Caveat emptor. (Risk Management).
Camp underwriters are continuing the refinement of their risk appetites and operations. Some of these refinements are driven internally. External underwriting partners (reinsurers) have imposed other changes and adjustments on insurance companies, because they are no longer willing to support the underwriting of certain risks. The reasoning behind these decisions and changes may be actual -- or anticipated -- poor results or may be attributable to the perceptions of key decision makers. The sum of all the changes and fears in the insurance business these days equals continuing uncertainty and instability for the insurance buyer regardless of which insurance company accepts your insurance risk transfer (policy).
At times like these, nontraditional insurance solutions may be offered, which seem to be good on the surface. Under these circumstances, remember that not all insurance policies are alike. Just because a policy is labeled "General Liability," doesn't mean it offers equivalent coverage to the policy you have with the same name from another insurance company. "Let the buyer beware" -- in the current insurance environment -- requires a more thorough approach than simply taking the policy from the company with the lowest cost, for example.
Non-traditional insurance solutions include claims-made liability insurance policies, risk purchasing group programs, captive and rent-a-captive insurance arrangements, and excess and surplus lines insurance placements. All of these insurance solutions may be legitimate in their own right, but may simply not be the right solution for your insurance needs. Many of the issues surrounding these nontraditional insurance arrangements can be quite confusing, even for insurance professionals. Some of these insurance products may result in incomplete risk transfers, which could cost your camp money and threaten your assets. Be aware and informed.

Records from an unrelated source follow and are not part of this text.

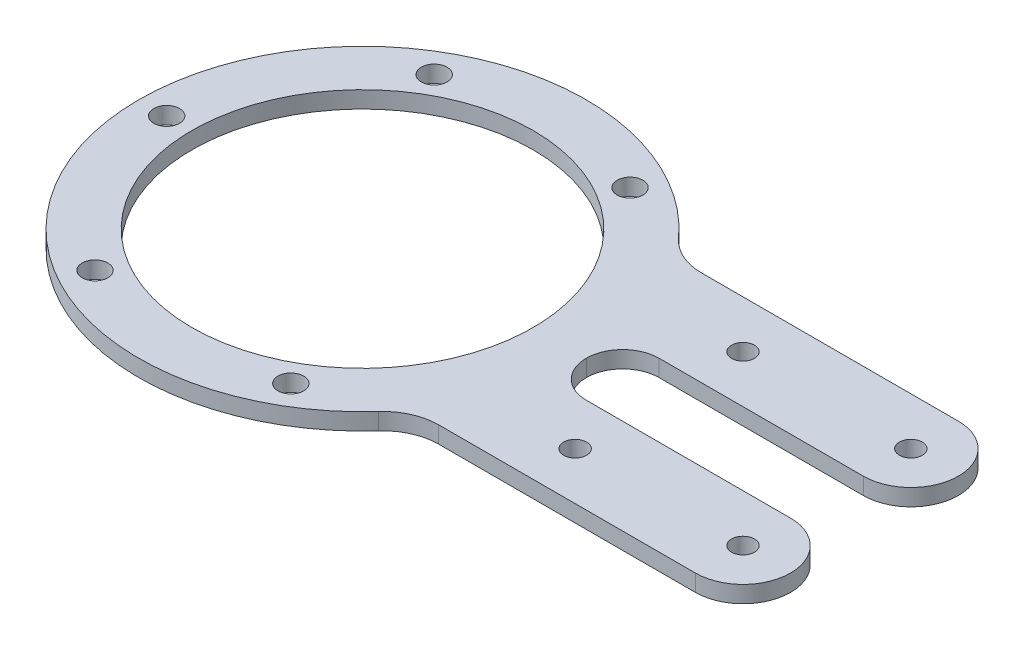
from build123d import *

# Parameters (mm, degrees)
SKETCH1_R           = 40
SKETCH1_R_2         = 30.5
BOSS_EXTRUDE1_DEPTH = 3
BOSS_EXTRUDE2_START = -3
BOSS_EXTRUDE2_DEPTH = 3
SKETCH3_R           = 2.05
CUT_EXTRUDE1_DEPTH  = 108.745069493
SKETCH4_R           = 2.3
CUT_EXTRUDE2_DEPTH  = 108.745069493
CUT_EXTRUDE3_DEPTH  = 108.745069493
FILLET1_R           = 10
FILLET2_R           = 6.5


with BuildPart() as part:
    # Sketch1 → Boss-Extrude1 (new body)
    with BuildSketch(Plane(origin=(0, 0, 0), x_dir=(1, 0, 0), z_dir=(0, 1, 0))):
        with Locations(Location((0, 0, 0), (0, 0, 270))):
            Circle(SKETCH1_R)
        with Locations(Location((0, 0, 0), (0, 0, 270))):
            Circle(SKETCH1_R_2, mode=Mode.SUBTRACT)
    extrude(amount=BOSS_EXTRUDE1_DEPTH)

    # Sketch2 → Boss-Extrude2 (add)
    with BuildSketch(Plane(origin=(0, 3, 0), x_dir=(1, 0, 0), z_dir=(0, 1, 0)).offset(BOSS_EXTRUDE2_START)):
        with BuildLine():
            Line((100, 6.5), (39.468341744, 6.5))
            ThreePointArc((39.468341744, 6.5), (36.910699238, 15.414288235), (32.368966619, 23.5))
            Line((32.368966619, 23.5), (100, 23.5))
            Line((100, 23.5), (100, 6.5))
        make_face()
        with BuildLine():
            Line((39.468341744, -6.5), (100, -6.5))
            Line((100, -6.5), (100, -23.5))
            Line((100, -23.5), (32.368966619, -23.5))
            ThreePointArc((32.368966619, -23.5), (36.910699238, -15.414288235), (39.468341744, -6.5))
        make_face()
    extrude(amount=BOSS_EXTRUDE2_DEPTH)

    # Sketch3 → Cut-Extrude1 (cut, through all)
    with BuildSketch(Plane(origin=(0, 3, 0), x_dir=(1, 0, 0), z_dir=(0, 1, 0))):
        with Locations(Location((53, 15, 0), (0, 0, 270))):
            Circle(SKETCH3_R)
        with Locations(Location((83, 15, 0), (0, 0, 270))):
            Circle(SKETCH3_R)
        with Locations(Location((53, -15, 0), (0, 0, 270))):
            Circle(SKETCH3_R)
        with Locations(Location((83, -15, 0), (0, 0, 270))):
            Circle(SKETCH3_R)
    extrude(amount=-CUT_EXTRUDE1_DEPTH, mode=Mode.SUBTRACT)

    # Sketch4 → Cut-Extrude2 (cut, through all)
    with BuildSketch(Plane(origin=(0, 3, 0), x_dir=(1, 0, 0), z_dir=(0, 1, 0))):
        with Locations(Location((-17.5, 30.310889132, 0), (0, 0, 270))):
            Circle(SKETCH4_R)
        with Locations(Location((17.5, 30.310889132, 0), (0, 0, 270))):
            Circle(SKETCH4_R)
        with Locations(Location((17.5, -30.310889132, 0), (0, 0, 270))):
            Circle(SKETCH4_R)
        with Locations(Location((-17.5, -30.310889132, 0), (0, 0, 270))):
            Circle(SKETCH4_R)
        with Locations(Location((-35, 0, 0), (0, 0, 270))):
            Circle(SKETCH4_R)
    extrude(amount=-CUT_EXTRUDE2_DEPTH, mode=Mode.SUBTRACT)

    # Sketch6 → Cut-Extrude3 (cut, through all)
    with BuildSketch(Plane(origin=(0, 3, 0), x_dir=(1, 0, 0), z_dir=(0, 1, 0))):
        with BuildLine():
            Line((100, 23.5), (83, 23.5))
            ThreePointArc((83, 23.5), (91.5, 15), (83, 6.5))
            Line((83, 6.5), (100, 6.5))
            Line((100, 6.5), (100, 23.5))
        make_face()
        with BuildLine():
            Line((100, -6.5), (83, -6.5))
            ThreePointArc((83, -6.5), (91.5, -15), (83, -23.5))
            Line((83, -23.5), (100, -23.5))
            Line((100, -23.5), (100, -6.5))
        make_face()
    extrude(amount=-CUT_EXTRUDE3_DEPTH, mode=Mode.SUBTRACT)

    # Fillet1
    fillet1_edges = [part.edges().sort_by_distance(p)[0] for p in [
        (32.368966619, 1.5, -23.5),
        (32.368966619, 1.5, 23.5),
    ]]
    fillet(fillet1_edges, radius=FILLET1_R)

    # Fillet2
    fillet2_edges = [part.edges().sort_by_distance(p)[0] for p in [
        (39.468341744, 1.5, 6.5),
        (39.468341744, 1.5, -6.5),
    ]]
    fillet(fillet2_edges, radius=FILLET2_R - 0.0001)  # a hair under: the kernel refuses the full size


solid = part.part
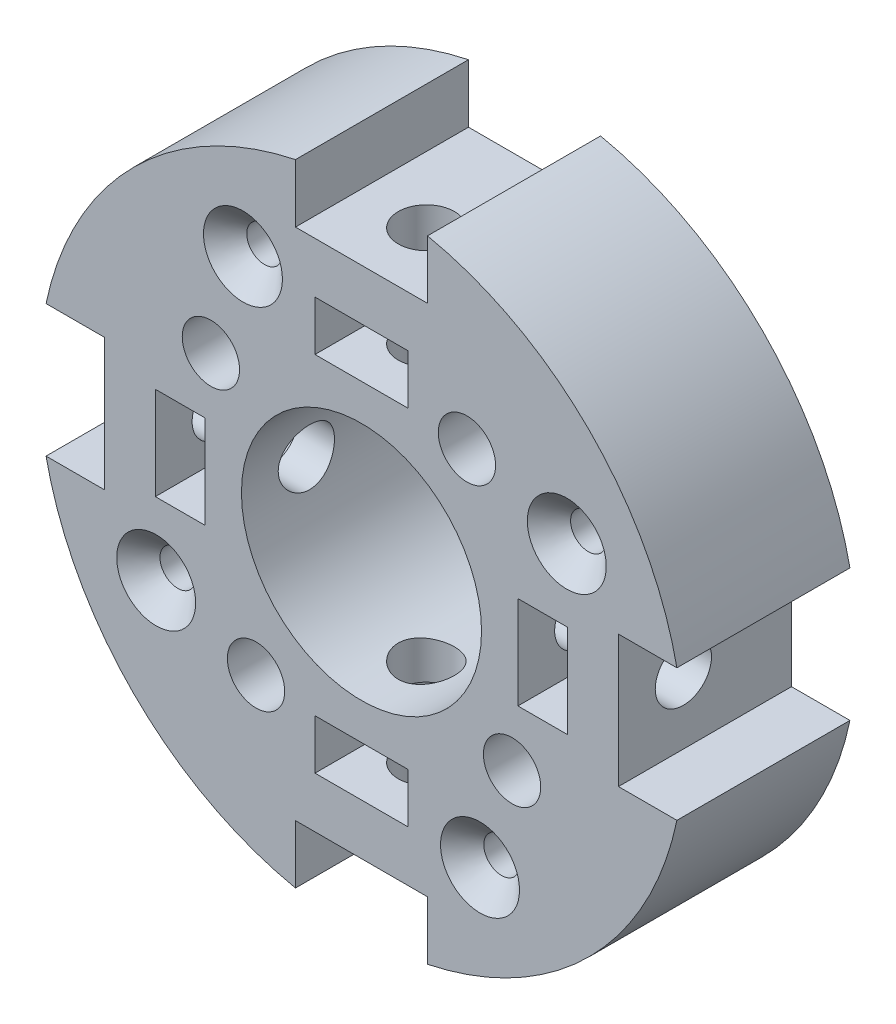
from build123d import *

# Parameters (mm, degrees)
ESQUISSE1_R                  = 1.65
ESQUISSE1_W                  = 4.6
ESQUISSE1_H                  = 8.6
ESQUISSE1_R_2                = 2.65
ESQUISSE1_W_2                = 8.6
ESQUISSE1_H_2                = 4.6
ESQUISSE1_R_3                = 11.1
BOSS_EXTRU_1_DEPTH           = 16
ENL_V_MAT_EXTRU_3_DEPTH      = 10
CHANFREIN1_SIZE              = 2
ESQUISSE6_R                  = 2.6
ENL_V_MAT_EXTRU_4_DEPTH      = 17
R_P_TITION_CIRCULAIRE1_COUNT = 4


with BuildPart() as part:
    # Esquisse1 → Boss.-Extru.1 (new body)
    with BuildSketch(Plane.XY):
        with BuildLine():
            Line((-6.105930323, 23.762922109), (-6.105930323, 29.167749568))
            ThreePointArc((-6.105930323, 29.167749568), (-21.071782079, 21.071782079), (-29.167749568, 6.105930323))
            Line((-29.167749568, 6.105930323), (-23.762922109, 6.105930323))
            Line((-23.762922109, 6.105930323), (-23.762922109, -6.105930323))
            Line((-23.762922109, -6.105930323), (-29.167749568, -6.105930323))
            ThreePointArc((-29.167749568, -6.105930323), (-21.071782079, -21.071782079), (-6.105930323, -29.167749568))
            Line((-6.105930323, -29.167749568), (-6.105930323, -23.762922109))
            Line((-6.105930323, -23.762922109), (6.105930323, -23.762922109))
            Line((6.105930323, -23.762922109), (6.105930323, -29.167749568))
            ThreePointArc((6.105930323, -29.167749568), (21.071782079, -21.071782079), (29.167749568, -6.105930323))
            Line((29.167749568, -6.105930323), (23.762922109, -6.105930323))
            Line((23.762922109, -6.105930323), (23.762922109, 6.105930323))
            Line((23.762922109, 6.105930323), (29.167749568, 6.105930323))
            ThreePointArc((29.167749568, 6.105930323), (21.071782079, 21.071782079), (6.105930323, 29.167749568))
            Line((6.105930323, 29.167749568), (6.105930323, 23.762922109))
            Line((6.105930323, 23.762922109), (-6.105930323, 23.762922109))
        make_face()
        with Locations((-18.983545507, -10.960155108)):
            Circle(ESQUISSE1_R, mode=Mode.SUBTRACT)
        with Locations((-16.762922109, 0)):
            Rectangle(ESQUISSE1_W, ESQUISSE1_H, mode=Mode.SUBTRACT)
        with Locations((-9.750799418, -13.925584753)):
            Circle(ESQUISSE1_R_2, mode=Mode.SUBTRACT)
        with Locations((0, -16.762922109)):
            Rectangle(ESQUISSE1_W_2, ESQUISSE1_H_2, mode=Mode.SUBTRACT)
        with Locations((10.960155108, -18.983545507)):
            Circle(ESQUISSE1_R, mode=Mode.SUBTRACT)
        with Locations((13.925584753, -9.750799418)):
            Circle(ESQUISSE1_R_2, mode=Mode.SUBTRACT)
        with Locations((-13.925584753, 9.750799418)):
            Circle(ESQUISSE1_R_2, mode=Mode.SUBTRACT)
        with Locations((-10.960155108, 18.983545507)):
            Circle(ESQUISSE1_R, mode=Mode.SUBTRACT)
        Circle(ESQUISSE1_R_3, mode=Mode.SUBTRACT)
        with Locations((9.750799418, 13.925584753)):
            Circle(ESQUISSE1_R_2, mode=Mode.SUBTRACT)
        with Locations((16.762922109, 0)):
            Rectangle(ESQUISSE1_W, ESQUISSE1_H, mode=Mode.SUBTRACT)
        with Locations((18.983545507, 10.960155108)):
            Circle(ESQUISSE1_R, mode=Mode.SUBTRACT)
        with Locations((0, 16.762922109)):
            Rectangle(ESQUISSE1_W_2, ESQUISSE1_H_2, mode=Mode.SUBTRACT)
    extrude(amount=BOSS_EXTRU_1_DEPTH)

    # Esquisse5 → Enlèv. mat.-Extru.3 (cut)
    with BuildSketch(Plane(origin=(0, 0, 0), x_dir=(-1, 0, 0), z_dir=(0, 0, -1))):
        Polygon((9.191312546, 9.750799418), (11.558448649, 5.650799418), (16.292720857, 5.650799418), (18.65985696, 9.750799418), (16.292720857, 13.850799418), (11.558448649, 13.850799418), align=None)
        Polygon((-9.750799418, 9.191312546), (-5.650799418, 11.558448649), (-5.650799418, 16.292720857), (-9.750799418, 18.65985696), (-13.850799418, 16.292720857), (-13.850799418, 11.558448649), align=None)
        Polygon((9.750799418, -9.191312546), (5.650799418, -11.558448649), (5.650799418, -16.292720857), (9.750799418, -18.65985696), (13.850799418, -16.292720857), (13.850799418, -11.558448649), align=None)
        Polygon((-9.191312546, -9.750799418), (-11.558448649, -5.650799418), (-16.292720857, -5.650799418), (-18.65985696, -9.750799418), (-16.292720857, -13.850799418), (-11.558448649, -13.850799418), align=None)
    extrude(amount=-ENL_V_MAT_EXTRU_3_DEPTH, mode=Mode.SUBTRACT)

    # Chanfrein1
    chanfrein1_edges = [part.edges().sort_by_distance(p)[0] for p in [
        (-20.633545507, -10.960155108, 16),
        (9.310155108, -18.983545507, 16),
        (17.333545507, 10.960155108, 16),
        (-12.610155108, 18.983545507, 16),
    ]]
    chamfer(chanfrein1_edges, length=CHANFREIN1_SIZE)

    # Esquisse6 → Enlèv. mat.-Extru.4 (cut)
    with BuildSketch(Plane.ZY.offset(23.762922109)):
        with Locations((10, 0)):
            Circle(ESQUISSE6_R)
    enl_v_mat_extru_4 = extrude(amount=-ENL_V_MAT_EXTRU_4_DEPTH, mode=Mode.SUBTRACT)

    # Répétition circulaire1: Enlèv. mat.-Extru.4 ×4 about axis
    r_p_tition_circulaire1_axis = Axis((0, 0, 0), (0, 0, 1))
    for i in range(1, R_P_TITION_CIRCULAIRE1_COUNT):
        add(enl_v_mat_extru_4.rotate(r_p_tition_circulaire1_axis, i * 360 / R_P_TITION_CIRCULAIRE1_COUNT), mode=Mode.SUBTRACT)


solid = part.part
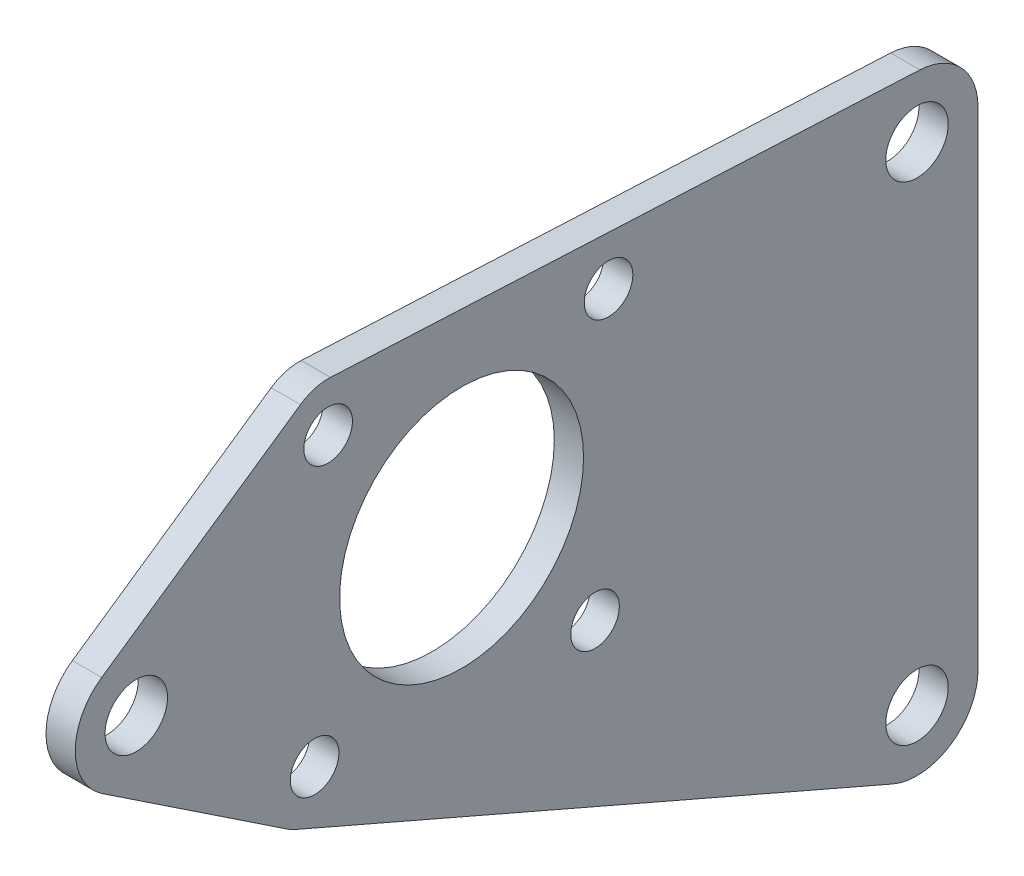
from build123d import *

# Parameters (mm, degrees)
SKETCH1_R             = 2.4384
SKETCH1_R_2           = 9.525
BASE_FLANGE1_DEPTH    = 2.286
F_6_CLEARANCE_HOLE1_D = 3.7973


# Sheet-metal steps are written as plain solids
with BuildPart() as part:
    # Sketch1 → Base-Flange1 (new body)
    with BuildSketch(Plane(origin=(0, 0, 0), x_dir=(0, 0, -1), z_dir=(1, 0, 0))):
        with BuildLine():
            Line((4.7625, 38.1), (4.7625, 0))
            ThreePointArc((4.7625, 0), (2.61262586, -3.981908131), (-1.896016479, -4.368813084))
            Line((-1.896016479, -4.368813084), (-48.551698058, 15.879235852))
            ThreePointArc((-48.551698058, 15.879235852), (-48.856590074, 16.028021212), (-49.147038032, 16.203338662))
            Line((-49.147038032, 16.203338662), (-63.600191446, 25.830515429))
            ThreePointArc((-63.600191446, 25.830515429), (-65.722355809, 29.757140553), (-63.661556753, 33.716316439))
            Line((-63.661556753, 33.716316439), (-48.141159083, 44.406778026))
            ThreePointArc((-48.141159083, 44.406778026), (-47.023714737, 44.933314584), (-45.796546729, 45.074669792))
            Line((-45.796546729, 45.074669792), (0.229208689, 42.856981146))
            ThreePointArc((0.229208689, 42.856981146), (3.447681296, 41.385559303), (4.7625, 38.1))
        make_face()
        with Locations((0, 38.1)):
            Circle(SKETCH1_R, mode=Mode.SUBTRACT)
        Circle(SKETCH1_R, mode=Mode.SUBTRACT)
        with Locations((-60.96, 29.7942)):
            Circle(SKETCH1_R, mode=Mode.SUBTRACT)
        with Locations((-35.56, 29.7942)):
            Circle(SKETCH1_R_2, mode=Mode.SUBTRACT)
    extrude(amount=-BASE_FLANGE1_DEPTH)

    # #6 Clearance Hole1 (through all)
    with Locations(Plane(origin=(0, 0, 0), x_dir=(0, 0, -1), z_dir=(1, 0, 0))):
        with Locations((-24.085115125, 40.214113681), (-45.979913681, 41.269084875), (-25.140086319, 18.319315125), (-47.034884875, 19.374286319)):
            Hole(F_6_CLEARANCE_HOLE1_D / 2)


solid = part.part

Claims-made Liability Insurance
Let's take claims-made liability insurance, for example. Claims-made insurance policies are not new. They have historically been reserved for risks, such as product liability and professional liability (medical malpractice and errors and omissions), in which the claim patterns develop over long periods of time (long tail). However, in the last couple of years claims-made liability insurance provisions have appeared in some insurance policies being sold to camps.
One of the key questions for insurance buyers to ask about claims-made liability insurance is how long the supplemental extended reporting period is and how much will it cost? The cost issue may be overlooked in the comparison of claims-made insurance with other occurrence-based insurance options. There are no standard responses.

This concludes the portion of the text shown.